Menurut Djoko, rendahnya kompetensi pengemudi dan kondisi kendaraan yang buruk menjadi penyebab utama terjadinya kecelakaan. Salah satu masalah besar adalah kelebihan muatan yang sering terjadi pada truk angkutan.
Selain itu, Djoko menambahkan bahwa laporan dari Komisi Nasional Keselamatan Transportasi (KNKT) menunjukkan bahwa kegagalan sistem pengereman pada kendaraan angkutan barang sering kali menjadi penyebab kecelakaan. Hal ini terjadi karena tidak adanya regulasi yang mewajibkan perawatan rem secara berkala.
Djoko juga mengkritik sistem yang selama ini sering menempatkan pengemudi sebagai pihak yang sepenuhnya disalahkan dalam setiap kecelakaan truk.

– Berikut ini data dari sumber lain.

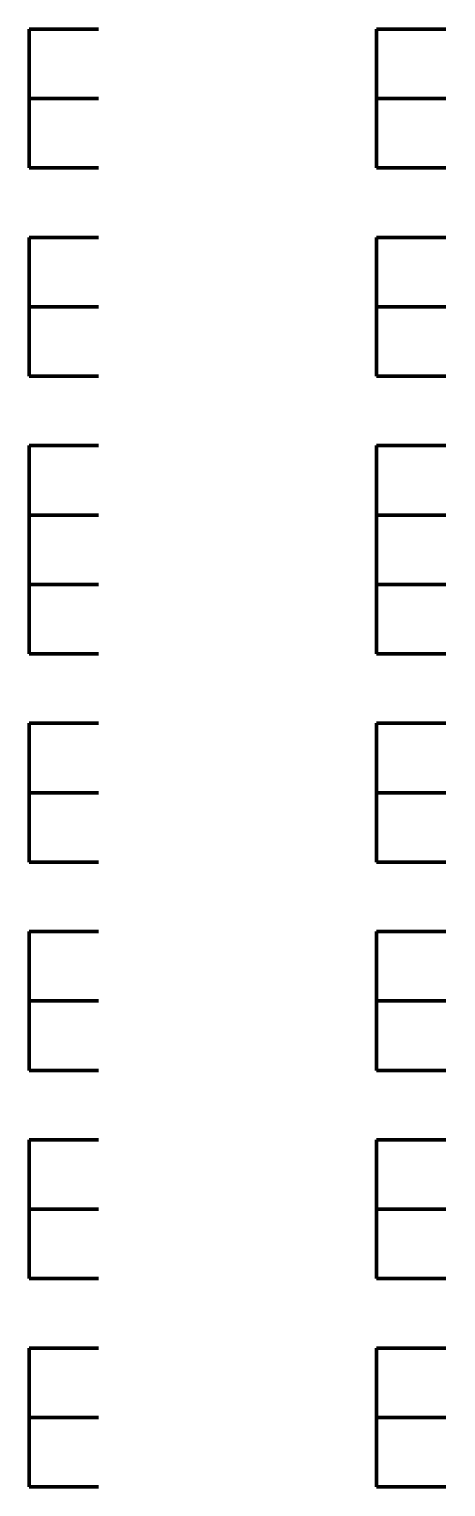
# Model space of a CAD drawing. Header units: inches. Extents: x 16 to 776, y 37 to 575.
# Drawn here: x 305.167 to 306.167, y 339.167 to 342.667 of the extents above; entities that cross this region are included whole.
import ezdxf

# ---------------------------------------------------------------- set-up
doc = ezdxf.new("R2010")
doc.units = ezdxf.units.IN
doc.header["$MEASUREMENT"] = 0
doc.layers.add('P', color=250, linetype='CONTINUOUS', lineweight=100)

msp = doc.modelspace()

# ---------------------------------------------------------------- linework, layer by layer
at = {"layer": 'P', "color": 0, "linetype": 'Continuous'}
for points in [[(305.1667, 342.6667), (305.3333, 342.6667)], [(305.1667, 342.6667), (305.3333, 342.6667)], [(305.1667, 342.6667), (305.3333, 342.6667)], [(305.1667, 342.6667), (305.3333, 342.6667)], [(305.1667, 342.6667), (305.1667, 342.5)], [(305.1667, 342.6667), (305.3333, 342.6667)], [(305.3333, 342.6667), (305.3333, 342.6667)], [(305.3333, 342.6667), (305.3333, 342.6667)], [(305.3333, 342.6667), (305.3333, 342.6667)], [(305.3333, 342.6667), (305.3333, 342.6667)], [(305.3333, 342.6667), (305.3333, 342.6667)], [(306, 342.6667), (306.1667, 342.6667)], [(306, 342.6667), (306.1667, 342.6667)], [(306, 342.6667), (306.1667, 342.6667)], [(306, 342.6667), (306.1667, 342.6667)], [(306, 342.6667), (306, 342.5)], [(306, 342.6667), (306.1667, 342.6667)], [(306.1667, 342.6667), (306.1667, 342.6667)], [(306.1667, 342.6667), (306.1667, 342.6667)], [(306.1667, 342.6667), (306.1667, 342.6667)], [(306.1667, 342.6667), (306.1667, 342.6667)], [(306.1667, 342.6667), (306.1667, 342.6667)], [(305.1667, 342.5), (305.3333, 342.5)], [(305.1667, 342.5), (305.1667, 342.3333)], [(305.1667, 342.5), (305.3333, 342.5)], [(305.3333, 342.5), (305.3333, 342.5)], [(305.3333, 342.5), (305.3333, 342.5)], [(306, 342.5), (306.1667, 342.5)], [(306, 342.5), (306, 342.3333)], [(306, 342.5), (306.1667, 342.5)], [(306.1667, 342.5), (306.1667, 342.5)], [(306.1667, 342.5), (306.1667, 342.5)], [(305.1667, 342.3333), (305.3333, 342.3333)], [(305.1667, 342.3333), (305.3333, 342.3333)], [(305.1667, 342.3333), (305.3333, 342.3333)], [(305.3333, 342.3333), (305.3333, 342.3333)], [(305.3333, 342.3333), (305.3333, 342.3333)], [(305.3333, 342.3333), (305.3333, 342.3333)], [(306, 342.3333), (306.1667, 342.3333)], [(306, 342.3333), (306.1667, 342.3333)], [(306, 342.3333), (306.1667, 342.3333)], [(306.1667, 342.3333), (306.1667, 342.3333)], [(306.1667, 342.3333), (306.1667, 342.3333)], [(306.1667, 342.3333), (306.1667, 342.3333)], [(305.1667, 342.1667), (305.3333, 342.1667)], [(305.1667, 342.1667), (305.3333, 342.1667)], [(305.1667, 342.1667), (305.3333, 342.1667)], [(305.1667, 342.1667), (305.3333, 342.1667)], [(305.1667, 342.1667), (305.1667, 342)], [(305.1667, 342.1667), (305.3333, 342.1667)], [(305.3333, 342.1667), (305.3333, 342.1667)], [(305.3333, 342.1667), (305.3333, 342.1667)], [(305.3333, 342.1667), (305.3333, 342.1667)], [(305.3333, 342.1667), (305.3333, 342.1667)], [(305.3333, 342.1667), (305.3333, 342.1667)], [(306, 342.1667), (306.1667, 342.1667)], [(306, 342.1667), (306.1667, 342.1667)], [(306, 342.1667), (306.1667, 342.1667)], [(306, 342.1667), (306.1667, 342.1667)], [(306, 342.1667), (306, 342)], [(306, 342.1667), (306.1667, 342.1667)], [(306.1667, 342.1667), (306.1667, 342.1667)], [(306.1667, 342.1667), (306.1667, 342.1667)], [(306.1667, 342.1667), (306.1667, 342.1667)], [(306.1667, 342.1667), (306.1667, 342.1667)], [(306.1667, 342.1667), (306.1667, 342.1667)], [(305.1667, 342), (305.3333, 342)], [(305.1667, 342), (305.1667, 341.8333)], [(305.1667, 342), (305.3333, 342)], [(305.3333, 342), (305.3333, 342)], [(305.3333, 342), (305.3333, 342)], [(306, 342), (306.1667, 342)], [(306, 342), (306, 341.8333)], [(306, 342), (306.1667, 342)], [(306.1667, 342), (306.1667, 342)], [(306.1667, 342), (306.1667, 342)], [(305.1667, 341.8333), (305.3333, 341.8333)], [(305.1667, 341.8333), (305.3333, 341.8333)], [(305.1667, 341.8333), (305.3333, 341.8333)], [(305.1667, 341.8333), (305.3333, 341.8333)], [(305.1667, 341.8333), (305.3333, 341.8333)], [(305.1667, 341.8333), (305.3333, 341.8333)], [(305.3333, 341.8333), (305.3333, 341.8333)], [(305.3333, 341.8333), (305.3333, 341.8333)], [(305.3333, 341.8333), (305.3333, 341.8333)], [(305.3333, 341.8333), (305.3333, 341.8333)], [(305.3333, 341.8333), (305.3333, 341.8333)], [(305.3333, 341.8333), (305.3333, 341.8333)], [(306, 341.8333), (306.1667, 341.8333)], [(306, 341.8333), (306.1667, 341.8333)], [(306, 341.8333), (306.1667, 341.8333)], [(306, 341.8333), (306.1667, 341.8333)], [(306, 341.8333), (306.1667, 341.8333)], [(306, 341.8333), (306.1667, 341.8333)], [(306.1667, 341.8333), (306.1667, 341.8333)], [(306.1667, 341.8333), (306.1667, 341.8333)], [(306.1667, 341.8333), (306.1667, 341.8333)], [(306.1667, 341.8333), (306.1667, 341.8333)], [(306.1667, 341.8333), (306.1667, 341.8333)], [(306.1667, 341.8333), (306.1667, 341.8333)], [(305.1667, 341.6667), (305.3333, 341.6667)], [(305.1667, 341.6667), (305.1667, 341.5)], [(305.1667, 341.6667), (305.3333, 341.6667)], [(305.3333, 341.6667), (305.3333, 341.6667)], [(305.3333, 341.6667), (305.3333, 341.6667)], [(306, 341.6667), (306.1667, 341.6667)], [(306, 341.6667), (306, 341.5)], [(306, 341.6667), (306.1667, 341.6667)], [(306.1667, 341.6667), (306.1667, 341.6667)], [(306.1667, 341.6667), (306.1667, 341.6667)], [(305.1667, 341.5), (305.3333, 341.5)], [(305.1667, 341.5), (305.1667, 341.3333)], [(305.1667, 341.5), (305.3333, 341.5)], [(305.3333, 341.5), (305.3333, 341.5)], [(305.3333, 341.5), (305.3333, 341.5)], [(306, 341.5), (306.1667, 341.5)], [(306, 341.5), (306, 341.3333)], [(306, 341.5), (306.1667, 341.5)], [(306.1667, 341.5), (306.1667, 341.5)], [(306.1667, 341.5), (306.1667, 341.5)], [(305.1667, 341.3333), (305.3333, 341.3333)], [(305.1667, 341.3333), (305.1667, 341.3333)], [(305.1667, 341.3333), (305.3333, 341.3333)], [(305.1667, 341.3333), (305.3333, 341.3333)], [(305.1667, 341.3333), (305.1667, 341.1667)], [(305.1667, 341.3333), (305.3333, 341.3333)], [(305.3333, 341.3333), (305.3333, 341.3333)], [(305.3333, 341.3333), (305.3333, 341.3333)], [(305.3333, 341.3333), (305.3333, 341.3333)], [(305.3333, 341.3333), (305.3333, 341.3333)], [(306, 341.3333), (306.1667, 341.3333)], [(306, 341.3333), (306, 341.3333)], [(306, 341.3333), (306.1667, 341.3333)], [(306, 341.3333), (306.1667, 341.3333)], [(306, 341.3333), (306, 341.1667)], [(306, 341.3333), (306.1667, 341.3333)], [(306.1667, 341.3333), (306.1667, 341.3333)], [(306.1667, 341.3333), (306.1667, 341.3333)], [(306.1667, 341.3333), (306.1667, 341.3333)], [(306.1667, 341.3333), (306.1667, 341.3333)], [(305.1667, 341.1667), (305.3333, 341.1667)], [(305.1667, 341.1667), (305.3333, 341.1667)], [(305.3333, 341.1667), (305.3333, 341.1667)], [(305.3333, 341.1667), (305.3333, 341.1667)], [(306, 341.1667), (306.1667, 341.1667)], [(306, 341.1667), (306.1667, 341.1667)], [(306.1667, 341.1667), (306.1667, 341.1667)], [(306.1667, 341.1667), (306.1667, 341.1667)], [(305.1667, 341), (305.3333, 341)], [(305.1667, 341), (305.1667, 341)], [(305.1667, 341), (305.3333, 341)], [(305.1667, 341), (305.3333, 341)], [(305.1667, 341), (305.1667, 340.8333)], [(305.1667, 341), (305.3333, 341)], [(305.3333, 341), (305.3333, 341)], [(305.3333, 341), (305.3333, 341)], [(305.3333, 341), (305.3333, 341)], [(305.3333, 341), (305.3333, 341)], [(306, 341), (306.1667, 341)], [(306, 341), (306, 341)], [(306, 341), (306.1667, 341)], [(306, 341), (306.1667, 341)], [(306, 341), (306, 340.8333)], [(306, 341), (306.1667, 341)], [(306.1667, 341), (306.1667, 341)], [(306.1667, 341), (306.1667, 341)], [(306.1667, 341), (306.1667, 341)], [(306.1667, 341), (306.1667, 341)], [(305.1667, 340.8333), (305.3333, 340.8333)], [(305.1667, 340.8333), (305.1667, 340.6667)], [(305.1667, 340.8333), (305.3333, 340.8333)], [(305.3333, 340.8333), (305.3333, 340.8333)], [(305.3333, 340.8333), (305.3333, 340.8333)], [(306, 340.8333), (306.1667, 340.8333)], [(306, 340.8333), (306, 340.6667)], [(306, 340.8333), (306.1667, 340.8333)], [(306.1667, 340.8333), (306.1667, 340.8333)], [(306.1667, 340.8333), (306.1667, 340.8333)], [(305.1667, 340.6667), (305.3333, 340.6667)], [(305.1667, 340.6667), (305.3333, 340.6667)], [(305.3333, 340.6667), (305.3333, 340.6667)], [(305.3333, 340.6667), (305.3333, 340.6667)], [(306, 340.6667), (306.1667, 340.6667)], [(306, 340.6667), (306.1667, 340.6667)], [(306.1667, 340.6667), (306.1667, 340.6667)], [(306.1667, 340.6667), (306.1667, 340.6667)], [(305.1667, 340.5), (305.3333, 340.5)], [(305.1667, 340.5), (305.1667, 340.5)], [(305.1667, 340.5), (305.3333, 340.5)], [(305.1667, 340.5), (305.3333, 340.5)], [(305.1667, 340.5), (305.1667, 340.3333)], [(305.1667, 340.5), (305.3333, 340.5)], [(305.3333, 340.5), (305.3333, 340.5)], [(305.3333, 340.5), (305.3333, 340.5)], [(305.3333, 340.5), (305.3333, 340.5)], [(305.3333, 340.5), (305.3333, 340.5)], [(306, 340.5), (306.1667, 340.5)], [(306, 340.5), (306, 340.5)], [(306, 340.5), (306.1667, 340.5)], [(306, 340.5), (306.1667, 340.5)], [(306, 340.5), (306, 340.3333)], [(306, 340.5), (306.1667, 340.5)], [(306.1667, 340.5), (306.1667, 340.5)], [(306.1667, 340.5), (306.1667, 340.5)], [(306.1667, 340.5), (306.1667, 340.5)], [(306.1667, 340.5), (306.1667, 340.5)], [(305.1667, 340.3333), (305.3333, 340.3333)], [(305.1667, 340.3333), (305.1667, 340.1667)], [(305.1667, 340.3333), (305.3333, 340.3333)], [(305.3333, 340.3333), (305.3333, 340.3333)], [(305.3333, 340.3333), (305.3333, 340.3333)], [(306, 340.3333), (306.1667, 340.3333)], [(306, 340.3333), (306, 340.1667)], [(306, 340.3333), (306.1667, 340.3333)], [(306.1667, 340.3333), (306.1667, 340.3333)], [(306.1667, 340.3333), (306.1667, 340.3333)], [(305.1667, 340.1667), (305.3333, 340.1667)], [(305.1667, 340.1667), (305.3333, 340.1667)], [(305.3333, 340.1667), (305.3333, 340.1667)], [(305.3333, 340.1667), (305.3333, 340.1667)], [(306, 340.1667), (306.1667, 340.1667)], [(306, 340.1667), (306.1667, 340.1667)], [(306.1667, 340.1667), (306.1667, 340.1667)], [(306.1667, 340.1667), (306.1667, 340.1667)], [(305.1667, 340), (305.3333, 340)], [(305.1667, 340), (305.1667, 340)], [(305.1667, 340), (305.3333, 340)], [(305.1667, 340), (305.3333, 340)], [(305.1667, 340), (305.1667, 339.8333)], [(305.1667, 340), (305.3333, 340)], [(305.3333, 340), (305.3333, 340)], [(305.3333, 340), (305.3333, 340)], [(305.3333, 340), (305.3333, 340)], [(305.3333, 340), (305.3333, 340)], [(306, 340), (306.1667, 340)], [(306, 340), (306, 340)], [(306, 340), (306.1667, 340)], [(306, 340), (306.1667, 340)], [(306, 340), (306, 339.8333)], [(306, 340), (306.1667, 340)], [(306.1667, 340), (306.1667, 340)], [(306.1667, 340), (306.1667, 340)], [(306.1667, 340), (306.1667, 340)], [(306.1667, 340), (306.1667, 340)], [(305.1667, 339.8333), (305.3333, 339.8333)], [(305.1667, 339.8333), (305.1667, 339.6667)], [(305.1667, 339.8333), (305.3333, 339.8333)], [(305.3333, 339.8333), (305.3333, 339.8333)], [(305.3333, 339.8333), (305.3333, 339.8333)], [(306, 339.8333), (306.1667, 339.8333)], [(306, 339.8333), (306, 339.6667)], [(306, 339.8333), (306.1667, 339.8333)], [(306.1667, 339.8333), (306.1667, 339.8333)], [(306.1667, 339.8333), (306.1667, 339.8333)], [(305.1667, 339.6667), (305.3333, 339.6667)], [(305.1667, 339.6667), (305.3333, 339.6667)], [(305.1667, 339.6667), (305.3333, 339.6667)], [(305.1667, 339.6667), (305.3333, 339.6667)], [(305.1667, 339.6667), (305.3333, 339.6667)], [(305.1667, 339.6667), (305.3333, 339.6667)], [(305.3333, 339.6667), (305.3333, 339.6667)], [(305.3333, 339.6667), (305.3333, 339.6667)], [(305.3333, 339.6667), (305.3333, 339.6667)], [(305.3333, 339.6667), (305.3333, 339.6667)], [(305.3333, 339.6667), (305.3333, 339.6667)], [(305.3333, 339.6667), (305.3333, 339.6667)], [(306, 339.6667), (306.1667, 339.6667)], [(306, 339.6667), (306.1667, 339.6667)], [(306, 339.6667), (306.1667, 339.6667)], [(306, 339.6667), (306.1667, 339.6667)], [(306, 339.6667), (306.1667, 339.6667)], [(306, 339.6667), (306.1667, 339.6667)], [(306.1667, 339.6667), (306.1667, 339.6667)], [(306.1667, 339.6667), (306.1667, 339.6667)], [(306.1667, 339.6667), (306.1667, 339.6667)], [(306.1667, 339.6667), (306.1667, 339.6667)], [(306.1667, 339.6667), (306.1667, 339.6667)], [(306.1667, 339.6667), (306.1667, 339.6667)], [(305.1667, 339.5), (305.3333, 339.5)], [(305.1667, 339.5), (305.1667, 339.3333)], [(305.1667, 339.5), (305.3333, 339.5)], [(305.3333, 339.5), (305.3333, 339.5)], [(305.3333, 339.5), (305.3333, 339.5)], [(306, 339.5), (306.1667, 339.5)], [(306, 339.5), (306, 339.3333)], [(306, 339.5), (306.1667, 339.5)], [(306.1667, 339.5), (306.1667, 339.5)], [(306.1667, 339.5), (306.1667, 339.5)], [(305.1667, 339.3333), (305.3333, 339.3333)], [(305.1667, 339.3333), (305.1667, 339.1667)], [(305.1667, 339.3333), (305.3333, 339.3333)], [(305.3333, 339.3333), (305.3333, 339.3333)], [(305.3333, 339.3333), (305.3333, 339.3333)], [(306, 339.3333), (306.1667, 339.3333)], [(306, 339.3333), (306, 339.1667)], [(306, 339.3333), (306.1667, 339.3333)], [(306.1667, 339.3333), (306.1667, 339.3333)], [(306.1667, 339.3333), (306.1667, 339.3333)], [(305.1667, 339.1667), (305.3333, 339.1667)], [(305.1667, 339.1667), (305.1667, 339.1667)], [(305.1667, 339.1667), (305.3333, 339.1667)], [(305.1667, 339.1667), (305.3333, 339.1667)], [(305.1667, 339.1667), (305.3333, 339.1667)], [(305.3333, 339.1667), (305.3333, 339.1667)], [(305.3333, 339.1667), (305.3333, 339.1667)], [(305.3333, 339.1667), (305.3333, 339.1667)], [(305.3333, 339.1667), (305.3333, 339.1667)], [(306, 339.1667), (306.1667, 339.1667)], [(306, 339.1667), (306, 339.1667)], [(306, 339.1667), (306.1667, 339.1667)], [(306, 339.1667), (306.1667, 339.1667)], [(306, 339.1667), (306.1667, 339.1667)], [(306.1667, 339.1667), (306.1667, 339.1667)], [(306.1667, 339.1667), (306.1667, 339.1667)], [(306.1667, 339.1667), (306.1667, 339.1667)], [(306.1667, 339.1667), (306.1667, 339.1667)]]:
    msp.add_lwpolyline(points, dxfattribs=at)

doc.saveas('drawing.dxf')

“Kesalahan pada kecelakaan truk sering kali hanya ditujukan kepada pengemudi, padahal banyak faktor lain seperti kondisi kendaraan dan overloading yang berperan. Bahkan, pemilik angkutan dan pengusaha sering kali tidak diperkarakan, kecuali ada tekanan dari media sosial,” jelasnya.
Lebih lanjut, Djoko mengusulkan agar Undang-Undang No. 22 Tahun 2009 tentang Lalu Lintas dan Angkutan Jalan segera direvisi.
Menurutnya, undang-undang tersebut perlu diperbarui agar tidak hanya pengemudi yang dipersalahkan dalam setiap insiden kecelakaan, tetapi juga para pemilik kendaraan dan pengusaha angkutan yang turut bertanggung jawab.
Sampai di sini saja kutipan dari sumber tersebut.